What is the fourier transform of
$$\frac{1}{x}\frac{\partial T}{\partial x}$$

$$F(\frac{1}{x}\frac{\partial T}{\partial x}) = \int^{\infty}_{-\infty} \frac{1}{x}\frac{\partial T}{\partial x} e^{i \theta x}dx = ??$$

## The Attempt at a Solution

Can this be split up using convolution into...
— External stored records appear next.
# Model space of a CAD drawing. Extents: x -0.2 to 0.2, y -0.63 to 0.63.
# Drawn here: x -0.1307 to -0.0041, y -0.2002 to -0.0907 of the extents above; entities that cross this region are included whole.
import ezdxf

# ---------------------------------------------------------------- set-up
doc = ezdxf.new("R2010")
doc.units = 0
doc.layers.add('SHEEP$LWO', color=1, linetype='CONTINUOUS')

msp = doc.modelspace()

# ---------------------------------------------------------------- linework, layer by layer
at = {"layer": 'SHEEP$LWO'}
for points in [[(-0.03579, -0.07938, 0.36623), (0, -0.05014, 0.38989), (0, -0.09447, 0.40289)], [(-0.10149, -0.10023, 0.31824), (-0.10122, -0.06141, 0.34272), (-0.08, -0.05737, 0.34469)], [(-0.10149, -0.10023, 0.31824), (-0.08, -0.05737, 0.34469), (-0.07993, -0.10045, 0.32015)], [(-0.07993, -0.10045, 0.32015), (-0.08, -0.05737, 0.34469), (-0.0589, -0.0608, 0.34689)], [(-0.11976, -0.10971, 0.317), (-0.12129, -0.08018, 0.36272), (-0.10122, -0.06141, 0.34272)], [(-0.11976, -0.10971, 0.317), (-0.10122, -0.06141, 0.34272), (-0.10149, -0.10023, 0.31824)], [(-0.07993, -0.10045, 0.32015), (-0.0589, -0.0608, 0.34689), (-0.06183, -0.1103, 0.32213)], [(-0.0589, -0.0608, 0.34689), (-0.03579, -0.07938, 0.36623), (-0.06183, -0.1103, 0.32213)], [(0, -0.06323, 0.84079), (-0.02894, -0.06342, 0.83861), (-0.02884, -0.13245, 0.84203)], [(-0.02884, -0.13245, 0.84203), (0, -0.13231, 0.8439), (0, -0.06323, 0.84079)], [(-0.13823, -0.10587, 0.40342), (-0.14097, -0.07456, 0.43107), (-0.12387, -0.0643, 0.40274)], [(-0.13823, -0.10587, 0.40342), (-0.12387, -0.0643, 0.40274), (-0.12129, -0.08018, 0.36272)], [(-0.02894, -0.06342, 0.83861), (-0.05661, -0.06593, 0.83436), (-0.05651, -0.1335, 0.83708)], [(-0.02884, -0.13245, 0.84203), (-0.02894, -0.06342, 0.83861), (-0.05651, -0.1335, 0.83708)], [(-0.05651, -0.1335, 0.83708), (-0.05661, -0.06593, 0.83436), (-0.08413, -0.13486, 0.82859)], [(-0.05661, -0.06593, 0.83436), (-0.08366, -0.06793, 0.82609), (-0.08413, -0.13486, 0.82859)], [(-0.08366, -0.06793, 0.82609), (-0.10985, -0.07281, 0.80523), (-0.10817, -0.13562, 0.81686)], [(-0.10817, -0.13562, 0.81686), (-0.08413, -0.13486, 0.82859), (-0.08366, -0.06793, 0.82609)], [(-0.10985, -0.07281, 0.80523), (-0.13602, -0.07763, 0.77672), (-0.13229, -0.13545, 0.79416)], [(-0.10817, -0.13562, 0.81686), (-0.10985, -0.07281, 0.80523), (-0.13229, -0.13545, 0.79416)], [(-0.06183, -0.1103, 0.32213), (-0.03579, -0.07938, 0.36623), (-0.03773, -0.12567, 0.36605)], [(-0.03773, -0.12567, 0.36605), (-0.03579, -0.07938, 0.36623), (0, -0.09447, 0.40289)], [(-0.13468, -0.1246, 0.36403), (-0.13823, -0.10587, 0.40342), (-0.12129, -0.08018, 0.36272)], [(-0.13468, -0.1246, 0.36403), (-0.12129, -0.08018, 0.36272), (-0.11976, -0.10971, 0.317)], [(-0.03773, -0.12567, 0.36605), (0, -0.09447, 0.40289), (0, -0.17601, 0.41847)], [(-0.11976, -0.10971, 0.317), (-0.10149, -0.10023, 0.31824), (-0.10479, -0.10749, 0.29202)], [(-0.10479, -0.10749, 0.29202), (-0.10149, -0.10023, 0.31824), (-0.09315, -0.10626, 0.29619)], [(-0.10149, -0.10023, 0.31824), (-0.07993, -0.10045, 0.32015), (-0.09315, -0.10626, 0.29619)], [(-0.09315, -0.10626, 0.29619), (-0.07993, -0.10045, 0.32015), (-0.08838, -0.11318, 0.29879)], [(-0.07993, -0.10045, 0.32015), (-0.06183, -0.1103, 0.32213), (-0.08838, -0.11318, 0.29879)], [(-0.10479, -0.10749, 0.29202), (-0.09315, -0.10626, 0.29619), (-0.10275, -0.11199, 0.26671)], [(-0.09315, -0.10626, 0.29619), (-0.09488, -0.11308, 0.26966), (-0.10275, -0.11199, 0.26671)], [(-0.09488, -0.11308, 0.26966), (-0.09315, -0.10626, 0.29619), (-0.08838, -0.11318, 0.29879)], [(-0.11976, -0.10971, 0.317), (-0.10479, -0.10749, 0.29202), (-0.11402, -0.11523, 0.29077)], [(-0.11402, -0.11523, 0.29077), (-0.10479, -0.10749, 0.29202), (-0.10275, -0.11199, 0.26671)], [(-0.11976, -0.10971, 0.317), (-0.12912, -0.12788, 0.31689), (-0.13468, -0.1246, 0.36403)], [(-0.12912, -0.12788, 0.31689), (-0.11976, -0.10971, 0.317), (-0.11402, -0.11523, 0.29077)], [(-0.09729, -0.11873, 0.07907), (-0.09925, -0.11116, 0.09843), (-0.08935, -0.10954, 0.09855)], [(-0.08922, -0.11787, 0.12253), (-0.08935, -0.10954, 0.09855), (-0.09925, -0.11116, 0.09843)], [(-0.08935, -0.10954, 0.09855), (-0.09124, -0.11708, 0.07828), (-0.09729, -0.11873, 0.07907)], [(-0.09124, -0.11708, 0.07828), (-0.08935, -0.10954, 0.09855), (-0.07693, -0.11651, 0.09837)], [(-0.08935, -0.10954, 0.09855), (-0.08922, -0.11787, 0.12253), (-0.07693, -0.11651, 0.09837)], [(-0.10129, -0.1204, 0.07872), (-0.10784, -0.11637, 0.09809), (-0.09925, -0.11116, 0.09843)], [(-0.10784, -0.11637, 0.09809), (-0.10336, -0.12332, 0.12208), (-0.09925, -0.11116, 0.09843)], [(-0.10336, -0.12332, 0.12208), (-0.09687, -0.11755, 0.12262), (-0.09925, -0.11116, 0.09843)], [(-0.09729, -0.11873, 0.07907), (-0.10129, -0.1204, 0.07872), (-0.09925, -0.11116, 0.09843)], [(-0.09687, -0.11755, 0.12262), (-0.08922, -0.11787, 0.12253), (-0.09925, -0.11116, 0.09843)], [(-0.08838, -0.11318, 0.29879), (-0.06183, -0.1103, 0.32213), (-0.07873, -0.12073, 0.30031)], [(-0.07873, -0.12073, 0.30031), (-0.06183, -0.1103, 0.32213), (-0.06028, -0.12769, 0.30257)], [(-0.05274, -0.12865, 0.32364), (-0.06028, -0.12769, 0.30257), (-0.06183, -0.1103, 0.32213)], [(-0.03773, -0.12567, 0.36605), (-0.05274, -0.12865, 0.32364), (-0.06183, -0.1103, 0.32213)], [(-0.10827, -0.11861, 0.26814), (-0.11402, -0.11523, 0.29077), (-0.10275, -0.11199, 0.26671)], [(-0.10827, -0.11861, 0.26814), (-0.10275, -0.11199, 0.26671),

$$F(\frac{1}{x}\frac{\partial T}{\partial x}) = F(\frac{1}{x})F(\frac{\partial T}{\partial x}) =\int^{\infty}_{-\infty} \frac{1}{x} e^{i \theta x}dx \int^{\infty}_{-\infty} \frac{\partial T}{\partial x} e^{i \theta x}dx$$

You will need to prove that the convolution of 1/x and dT/dx is (1/x)(dT/dx).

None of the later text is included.